Among the 16 patients, eight patients did not receive danazol because they refused, based on their previous experience with the drug and physician's choice . Among these patients, seven achieved a partial response or better (87.5%), while six (75.0%) achieved CR. Due to the study's retrospective nature and the small number of patients, the direct comparison did not show statistically significant differences between the patients who received and did not receive danazol. Considering the 100% CR rate in the danazol recipients, this combination warrants further evaluation.

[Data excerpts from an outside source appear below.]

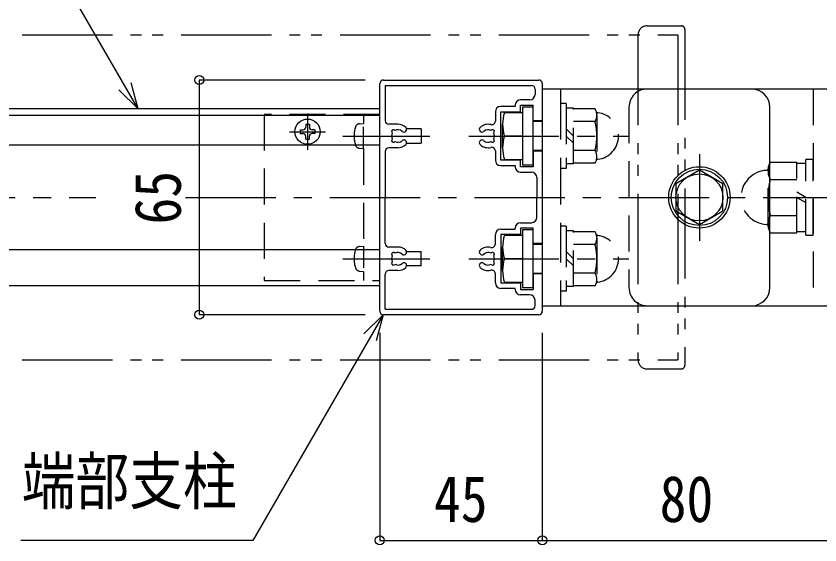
# Model space of a CAD drawing. Units: millimetres on the paper, scale 1:5. Extents: x -210 to 210, y -148 to 148.
# Drawn here: x 115.26 to 159.77, y 85.7 to 114.99 of the extents above; entities that cross this region are included whole.
import ezdxf
from ezdxf.enums import TextEntityAlignment as Align

# ---------------------------------------------------------------- set-up
doc = ezdxf.new("R2010")
doc.units = ezdxf.units.MM
for name, pattern in [('CHAIN1', [8, 5, -1, 1, -1]), ('DASHED1', [1.8, 1.2, -0.6]), ('DASHED2', [3, 2, -1]), ('DOUBLE_CHAIN1', [8.8, 5, -1, 0.6, -0.6, 0.6, -1])]:
    doc.linetypes.add(name, pattern=pattern)
for name, color, linetype in [('0-3_04', 2, 'Continuous'), ('0-4_05', 3, 'Continuous'), ('0-5_06', 6, 'Continuous')]:
    doc.layers.add(name, color=color, linetype=linetype)
doc.styles.add('ＭＳ ゴシック', font='')
doc.styles.get('ＭＳ ゴシック').set_extended_font_data('MS Gothic')

msp = doc.modelspace()

# ---------------------------------------------------------------- linework, layer by layer
at = {"layer": '0-3_04', "linetype": 'DOUBLE_CHAIN1'}
for p, q in [((150.199, 114.451), (152.099, 114.451)), ((152.299, 114.251), (152.299, 95.651)), ((149.699, 113.951), (149.699, 95.951)), ((80.399, 95.951), (151.899, 95.951)), ((150.199, 95.451), (152.099, 95.451))]:
    msp.add_line(p, q, dxfattribs=at)
at = {"layer": '0-3_04'}
for p, q in [((135.599, 111.451), (144.199, 111.451)), ((135.399, 98.651), (135.399, 111.251)), ((135.699, 111.151), (143.799, 111.151)), ((135.699, 111.151), (135.699, 109.201)), ((143.999, 110.951), (143.999, 110.651)), ((144.399, 111.251), (144.399, 109.191)), ((142.899, 109.991), (142.099, 109.991)), ((142.899, 110.051), (142.899, 109.991)), ((143.699, 110.351), (143.199, 110.351)), ((143.199, 110.051), (143.899, 110.051)), ((143.199, 109.691), (143.199, 110.051)), ((143.899, 109.191), (143.899, 110.051)), ((135.399, 109.851), (80.399, 109.851)), ((131.399, 109.591), (131.399, 107.591)), ((141.799, 109.691), (141.799, 109.177)), ((142.099, 109.691), (143.199, 109.691)), ((142.099, 107.011), (142.099, 109.691)), ((135.399, 109.491), (80.399, 109.491)), ((144.399, 109.191), (143.899, 109.191)), ((130.989, 108.691), (130.989, 108.491)), ((130.989, 108.691), (131.149, 108.691)), ((131.299, 109.001), (131.299, 108.841)), ((131.809, 108.691), (131.649, 108.691)), ((131.809, 108.691), (131.809, 108.491)), ((136.399, 109.001), (135.899, 109.001)), ((137.699, 108.751), (136.884, 108.751)), ((137.699, 108.751), (137.699, 107.951)), ((130.399, 108.591), (132.395, 108.591)), ((130.989, 108.491), (131.149, 108.491)), ((131.299, 108.181), (131.299, 108.341)), ((131.299, 108.181), (131.499, 108.181)), ((131.499, 108.181), (131.499, 108.341)), ((131.809, 108.491), (131.649, 108.491)), ((135.399, 107.851), (80.399, 107.851)), ((136.884, 107.951), (137.699, 107.951)), ((135.699, 107.501), (135.699, 104.951)), ((136.399, 107.701), (135.899, 107.701)), ((141.799, 107.525), (141.799, 107.011)), ((143.899, 107.511), (143.899, 106.651)), ((144.399, 107.511), (143.899, 107.511)), ((144.399, 107.511), (144.399, 102.391)), ((143.199, 107.011), (142.099, 107.011)), ((143.199, 106.651), (143.199, 107.011)), ((142.099, 106.711), (142.899, 106.711)), ((142.899, 106.711), (142.899, 106.651)), ((143.899, 106.651), (143.199, 106.651)), ((143.199, 106.351), (143.799, 106.351)), ((144.099, 106.051), (144.099, 104.951)), ((135.699, 102.401), (135.699, 104.951)), ((144.099, 103.851), (144.099, 104.951)), ((143.199, 103.551), (143.799, 103.551)), ((141.799, 102.377), (141.799, 102.891)), ((142.099, 103.191), (142.899, 103.191)), ((142.099, 102.891), (142.099, 100.211)), ((143.199, 102.891), (142.099, 102.891)), ((142.899, 103.191), (142.899, 103.251)), ((143.199, 103.251), (143.199, 102.891)), ((143.899, 103.251), (143.199, 103.251)), ((143.899, 102.391), (143.899, 103.251)), ((144.399, 102.391), (143.899, 102.391)), ((135.399, 102.051), (80.399, 102.051)), ((136.399, 102.201), (135.899, 102.201)), ((136.884, 101.951), (137.699, 101.951)), ((137.699, 101.151), (137.699, 101.951)), ((137.699, 101.151), (136.884, 101.151)), ((135.699, 98.751), (135.699, 100.701)), ((136.399, 100.901), (135.899, 100.901)), ((141.799, 100.211), (141.799, 100.725)), ((143.899, 100.711), (143.899, 99.851)), ((144.399, 100.711), (143.899, 100.711)), ((144.399, 100.711), (144.399, 98.651)), ((142.099, 100.211), (143.199, 100.211)), ((143.199, 100.211), (143.199, 99.851)), ((135.399, 100.051), (80.399, 100.051)), ((142.899, 99.911), (142.099, 99.911)), ((142.899, 99.851), (142.899, 99.911)), ((143.199, 99.851), (143.899, 99.851)), ((143.699, 99.551), (143.199, 99.551)), ((143.999, 98.951), (143.999, 99.251)), ((144.199, 98.451), (135.599, 98.451)), ((135.699, 98.751), (143.799, 98.751))]:
    msp.add_line(p, q, dxfattribs=at)
at = {"layer": '0-3_04', "linetype": 'DASHED2'}
for p, q in [((134.499, 109.551), (134.499, 109.051)), ((134.499, 107.651), (134.499, 102.251)), ((134.499, 100.851), (134.499, 100.351))]:
    msp.add_line(p, q, dxfattribs=at)
at = {"layer": '0-3_04', "linetype": 'DASHED1'}
for p, q in [((134.275, 109.031), (134.499, 109.051)), ((134.499, 107.651), (134.499, 109.051)), ((134.275, 107.671), (134.499, 107.651)), ((134.275, 102.231), (134.499, 102.251)), ((134.499, 102.251), (134.499, 100.851)), ((134.275, 100.871), (134.499, 100.851))]:
    msp.add_line(p, q, dxfattribs=at)
at = {"layer": '0-3_04', "linetype": 'CHAIN1'}
for p, q in [((133.345, 108.351), (138.176, 108.351)), ((102.2, 104.951), (119.672, 104.951)), ((124.64, 104.951), (170.399, 104.951)), ((133.345, 101.551), (138.176, 101.551))]:
    msp.add_line(p, q, dxfattribs=at)
at = {"layer": '0-3_04', "linetype": 'DOUBLE_CHAIN1'}
msp.add_lwpolyline([(80.399, 113.951), (151.899, 113.951), (151.899, 95.951)], dxfattribs=at)
at = {"layer": '0-3_04', "linetype": 'DASHED2'}
msp.add_lwpolyline([(128.999, 100.351), (135.399, 100.351), (135.399, 109.551), (128.999, 109.551)], close=True, dxfattribs=at)
at = {"layer": '0-3_04'}
msp.add_lwpolyline([(131.299, 109.001), (131.499, 109.001), (131.499, 108.841)], dxfattribs=at)
msp.add_circle((131.399, 108.591), 0.7, dxfattribs=at)
at = {"layer": '0-3_04', "linetype": 'DOUBLE_CHAIN1'}
for centre, radius, start, end in [((150.199, 113.951), 0.5, 90, 180), ((152.099, 114.251), 0.2, 0, 90), ((150.199, 95.951), 0.5, 180, 270), ((152.099, 95.651), 0.2, 270, 360)]:
    msp.add_arc(centre, radius, start, end, dxfattribs=at)
at = {"layer": '0-3_04'}
for centre, radius, start, end in [((135.599, 111.251), 0.2, 90, 180), ((144.199, 111.251), 0.2, 0, 90), ((143.799, 110.951), 0.2, 0, 90), ((143.699, 110.651), 0.3, 270, 360), ((142.099, 109.691), 0.3, 90, 180), ((143.199, 110.051), 0.3, 90, 180), ((135.899, 109.201), 0.2, 180, 270), ((141.599, 109.177), 0.2, 256.391, 360), ((131.149, 108.841), 0.15, 270, 360), ((131.649, 108.841), 0.15, 180, 270), ((136.152, 108.598), 0.1, 36.7868, 233.2132), ((136.399, 108.351), 0.35, 47.4576, 118.5736), ((136.399, 108.351), 0.65, 47.4576, 90), ((136.737, 108.719), 0.15, 227.4576, 47.4576), ((141.061, 108.719), 0.15, 132.5424, 312.5424), ((141.399, 108.351), 0.65, 76.391, 132.5424), ((141.399, 108.351), 0.35, 61.4264, 132.5424), ((141.647, 108.598), 0.1, 306.7868, 143.2132), ((131.149, 108.341), 0.15, 0, 90), ((131.649, 108.341), 0.15, 90, 180), ((136.399, 108.351), 0.35, 151.4264, 208.5736), ((136.152, 108.103), 0.1, 126.7868, 323.2132), ((141.647, 108.103), 0.1, 216.7868, 53.2132), ((141.399, 108.351), 0.35, 331.4264, 28.5736), ((136.399, 108.351), 0.35, 241.4264, 312.5424), ((136.399, 108.351), 0.65, 270, 312.5424), ((136.737, 107.983), 0.15, 312.5424, 132.5424), ((141.061, 107.983), 0.15, 47.4576, 227.4576), ((141.399, 108.351), 0.65, 227.4576, 283.609), ((141.399, 108.351), 0.35, 227.4576, 298.5736), ((135.899, 107.501), 0.2, 90, 180), ((141.599, 107.525), 0.2, 0, 103.609), ((142.099, 107.011), 0.3, 180, 270), ((143.199, 106.651), 0.3, 180, 270), ((143.799, 106.051), 0.3, 0, 90), ((143.799, 103.851), 0.3, 270, 360), ((143.199, 103.251), 0.3, 90, 180), ((142.099, 102.891), 0.3, 90, 180), ((135.899, 102.401), 0.2, 180, 270), ((136.399, 101.551), 0.65, 47.4576, 90), ((136.737, 101.919), 0.15, 227.4576, 47.4576), ((141.061, 101.919), 0.15, 132.5424, 312.5424), ((141.399, 101.551), 0.65, 76.391, 132.5424), ((141.599, 102.377), 0.2, 256.391, 360), ((136.399, 101.551), 0.35, 151.4264, 208.5736), ((136.152, 101.798), 0.1, 36.7868, 233.2132), ((136.399, 101.551), 0.35, 47.4576, 118.5736), ((141.399, 101.551), 0.35, 61.4264, 132.5424), ((141.647, 101.798), 0.1, 306.7868, 143.2132), ((141.399, 101.551), 0.35, 331.4264, 28.5736), ((136.152, 101.303), 0.1, 126.7868, 323.2132), ((136.399, 101.551), 0.35, 241.4264, 312.5424), ((136.399, 101.551), 0.65, 270, 312.5424), ((136.737, 101.183), 0.15, 312.5424, 132.5424), ((141.061, 101.183), 0.15, 47.4576, 227.4576), ((141.399, 101.551), 0.65, 227.4576, 283.609), ((141.399, 101.551), 0.35, 227.4576, 298.5736), ((141.647, 101.303), 0.1, 216.7868, 53.2132), ((135.899, 100.701), 0.2, 90, 180), ((141.599, 100.725), 0.2, 0, 103.609), ((142.099, 100.211), 0.3, 180, 270), ((143.199, 99.851), 0.3, 180, 270), ((143.699, 99.251), 0.3, 0, 90), ((143.799, 98.951), 0.2, 270, 360), ((135.599, 98.651), 0.2, 180, 270), ((144.199, 98.651), 0.2, 270, 360)]:
    msp.add_arc(centre, radius, start, end, dxfattribs=at)
at = {"layer": '0-3_04', "linetype": 'DASHED1'}
for centre, radius, start, end in [((135.779, 108.351), 1.8, 164.1191, 195.8809), ((134.298, 108.772), 0.26, 95, 164.1191), ((134.298, 107.93), 0.26, 195.8809, 265), ((135.779, 101.551), 1.8, 164.1191, 195.8809), ((134.298, 101.972), 0.26, 95, 164.1191), ((134.298, 101.13), 0.26, 195.8809, 265)]:
    msp.add_arc(centre, radius, start, end, dxfattribs=at)
at = {"layer": '0-4_05'}
for p, q in [((144.399, 110.951), (144.399, 98.951)), ((155.999, 110.951), (144.399, 110.951)), ((156.999, 99.951), (156.999, 109.951)), ((144.399, 109.151), (143.899, 109.151)), ((142.199, 107.701), (142.199, 109.001)), ((142.199, 107.701), (142.199, 109.001)), ((143.299, 108.351), (142.301, 108.351)), ((144.399, 107.551), (143.899, 107.551)), ((142.301, 107.051), (143.299, 107.051)), ((142.199, 100.901), (142.199, 102.201)), ((142.199, 100.901), (142.199, 102.201)), ((144.399, 102.351), (143.899, 102.351)), ((143.299, 101.551), (142.301, 101.551)), ((143.899, 100.751), (144.399, 100.751)), ((142.301, 100.251), (143.299, 100.251)), ((144.399, 98.951), (155.999, 98.951)), ((150.199, 98.951), (160.399, 98.951))]:
    msp.add_line(p, q, dxfattribs=at)
at = {"layer": '0-4_05', "linetype": 'DASHED2'}
for p, q in [((145.399, 110.951), (145.399, 110.151)), ((159.399, 110.951), (159.399, 98.951)), ((145.399, 110.151), (145.399, 106.551)), ((145.719, 110.151), (145.399, 110.151)), ((145.719, 110.151), (145.719, 106.551)), ((146.119, 109.891), (145.719, 109.891)), ((145.719, 109.891), (145.719, 106.811)), ((146.119, 106.811), (146.119, 109.891)), ((146.119, 106.811), (146.119, 109.891)), ((147.318, 109.851), (146.119, 109.851)), ((149.199, 109.951), (149.199, 99.951)), ((147.318, 109.151), (146.119, 109.151)), ((147.419, 109.501), (147.419, 107.201)), ((146.119, 108.351), (145.719, 108.751)), ((145.719, 108.351), (146.119, 107.951)), ((147.318, 107.551), (146.119, 107.551)), ((147.318, 106.851), (146.119, 106.851)), ((157.026, 106.911), (158.499, 106.911)), ((158.499, 102.991), (158.499, 106.911)), ((159.399, 107.051), (158.999, 107.051)), ((158.999, 102.851), (158.999, 107.051)), ((145.719, 106.551), (145.399, 106.551)), ((145.399, 106.551), (145.399, 103.351)), ((146.119, 106.811), (145.719, 106.811)), ((156.899, 103.471), (156.899, 106.431)), ((158.999, 106.831), (158.499, 106.831)), ((157.026, 105.951), (158.499, 105.951)), ((158.999, 104.951), (158.499, 105.24)), ((158.499, 104.951), (158.999, 104.662)), ((157.026, 103.951), (158.499, 103.951)), ((145.399, 103.351), (145.399, 99.751)), ((145.719, 103.351), (145.399, 103.351)), ((145.719, 103.351), (145.719, 99.751)), ((146.119, 103.091), (145.719, 103.091)), ((145.719, 103.091), (145.719, 100.011)), ((146.119, 100.011), (146.119, 103.091)), ((146.119, 100.011), (146.119, 103.091)), ((147.318, 103.051), (146.119, 103.051)), ((157.026, 102.991), (158.499, 102.991)), ((158.499, 103.071), (158.999, 103.071)), ((147.419, 102.701), (147.419, 100.401)), ((146.119, 101.551), (145.719, 101.951)), ((147.318, 102.351), (146.119, 102.351)), ((145.719, 101.551), (146.119, 101.151)), ((147.318, 100.751), (146.119, 100.751)), ((145.719, 99.751), (145.399, 99.751)), ((145.399, 99.751), (145.399, 98.951)), ((146.119, 100.011), (145.719, 100.011)), ((147.318, 100.051), (146.119, 100.051))]:
    msp.add_line(p, q, dxfattribs=at)
at = {"layer": '0-4_05', "linetype": 'CHAIN1'}
for p, q in [((140.322, 108.351), (149.199, 108.351)), ((153.099, 107.351), (153.099, 102.551)), ((140.322, 101.551), (149.199, 101.551))]:
    msp.add_line(p, q, dxfattribs=at)
at = {"layer": '0-4_05'}
for points in [[(160.399, 98.951), (160.399, 110.951), (150.199, 110.951)], [(142.301, 109.651), (143.299, 109.651), (143.299, 107.051)], [(142.301, 102.851), (143.299, 102.851), (143.299, 100.251)]]:
    msp.add_lwpolyline(points, dxfattribs=at)
for points in [[(143.299, 106.751), (143.899, 106.751), (143.899, 109.951), (143.299, 109.951)], [(153.099, 103.451), (154.398, 104.201), (154.398, 105.701), (153.099, 106.451), (151.8, 105.701), (151.8, 104.201)], [(143.299, 99.951), (143.899, 99.951), (143.899, 103.151), (143.299, 103.151)]]:
    msp.add_lwpolyline(points, close=True, dxfattribs=at)
at = {"layer": '0-4_05', "linetype": 'DASHED2'}
msp.add_lwpolyline([(158.999, 102.851), (159.399, 102.851), (159.399, 107.051)], dxfattribs=at)
at = {"layer": '0-4_05'}
for radius in [1.7, 1.56, 1.299]:
    msp.add_circle((153.099, 104.951), radius, dxfattribs=at)
at = {"layer": '0-4_05', "linetype": 'DASHED2'}
for centre, radius, start, end in [((150.199, 109.951), 1, 90, 180), ((146.766, 109.501), 0.654, 327.6215, 32.3785), ((147.48, 109.742), 0.1, 198.6327, 263.4169), ((147.319, 108.351), 1.3, 276.5831, 83.4169), ((144.219, 108.351), 3.2, 345.5225, 14.4775), ((146.766, 107.201), 0.654, 327.6214, 32.3786), ((147.48, 106.96), 0.1, 96.5831, 161.3673), ((157.87, 106.431), 0.971, 150.3564, 209.6436), ((156.899, 104.951), 1.5, 93.3522, 266.6478), ((156.806, 106.548), 0.1, 273.3522, 353.7111), ((160.899, 104.951), 4, 165.5225, 194.4775), ((157.87, 103.471), 0.971, 150.3564, 209.6436), ((156.806, 103.354), 0.1, 6.2889, 86.6478), ((146.766, 102.701), 0.654, 327.6215, 32.3785), ((147.48, 102.942), 0.1, 198.6327, 263.4169), ((147.319, 101.551), 1.3, 276.5831, 83.4169), ((144.219, 101.551), 3.2, 345.5225, 14.4775), ((146.766, 100.401), 0.654, 327.6214, 32.3786), ((147.48, 100.16), 0.1, 96.5831, 161.3673), ((150.199, 99.951), 1, 180, 270)]:
    msp.add_arc(centre, radius, start, end, dxfattribs=at)
at = {"layer": '0-4_05'}
for centre, radius, start, end in [((155.999, 109.951), 1, 0, 90), ((144.329, 109.001), 2.13, 162.2299, 197.7701), ((144.329, 107.701), 2.13, 162.2299, 197.7701), ((144.329, 102.201), 2.13, 162.2299, 197.7701), ((144.329, 100.901), 2.13, 162.2299, 197.7701), ((155.999, 99.951), 1, 270, 360)]:
    msp.add_arc(centre, radius, start, end, dxfattribs=at)
at = {"layer": '0-5_06'}
for p, q in [((122.012, 109.851), (121.624, 111.3)), ((134.599, 111.451), (125.399, 111.451)), ((125.399, 111.451), (125.399, 98.451)), ((122.012, 109.851), (120.952, 110.912)), ((134.599, 98.451), (125.399, 98.451)), ((135.585, 98.451), (134.525, 97.39)), ((135.585, 98.451), (135.197, 97.002)), ((135.399, 97.451), (135.399, 85.951)), ((144.399, 97.451), (144.399, 85.951)), ((144.399, 97.451), (144.399, 85.951)), ((135.399, 85.951), (144.399, 85.951)), ((144.399, 85.951), (160.399, 85.951))]:
    msp.add_line(p, q, dxfattribs=at)
for points in [[(122.012, 109.851), (115.026, 121.951), (105.281, 121.951)], [(135.585, 98.451), (128.368, 85.951), (115.516, 85.951)]]:
    msp.add_lwpolyline(points, dxfattribs=at)
for centre in [(125.399, 111.451), (125.399, 98.451), (135.399, 85.951), (144.399, 85.951), (144.399, 85.951)]:
    msp.add_circle(centre, 0.25, dxfattribs=at)

# ---------------------------------------------------------------- texts
at = {"layer": '0-5_06', "style": 'ＭＳ ゴシック', "width": 0.85}
msp.add_text('65', height=2.566, rotation=90, dxfattribs=at).set_placement((125.149, 103.451), align=Align.BOTTOM_LEFT)
for s, p in [('端部支柱', (115.573, 87.187)), ('80', (150.899, 86.201)), ('45', (138.399, 86.201))]:
    msp.add_text(s, height=2.566, dxfattribs=at).set_placement(p, align=Align.BOTTOM_LEFT)

doc.saveas('drawing.dxf')

The promising treatment results of danazol were first documented in 1987 . Since then, it has been used as a second-line treatment for relapsed/refractory ITP. Danazol, a synthetic attenuated androgen, induces platelet elevation by antagonizing estrogen and reducing platelet destruction via immune modulation [3, 13]. Combining TPO-RAs and danazol regulates the pathophysiology of ITP, excessive platelet destruction, and impaired platelet production, ultimately eliciting better responses from ITP patients. In addition, danazol enhances the stability of romiplostim by blocking romiplostim neutralizing antibodies. In this setting, an escalated dose of romiplostim is insufficient to overcome romiplostim resistance. Adding danazol reverses the paradoxical effect of megakaryopoiesis recovery on endogenous TPO levels. However, the exact mechanism of their synergistic effect requires further investigation.
In conclusion, this pilot study showed that 1) TPO-RA switching was a viable salvage therapy option, even in long-standing heavily treated ITP patients; and 2) danazol exhibited a synergistic effect when combined with romiplostim, leading to rapid platelet count stabilization. Based on the results of this study, a prospective phase II study (ClinicalTrials.gov Identifier NCT04289207) will be conducted to corroborate the preliminary findings.
The results of this study have been submitted to the 70th Korean Association of Internal Medicine Annual Meeting, Seoul, Korea.
No potential conflicts of interest relevant to this article were reported.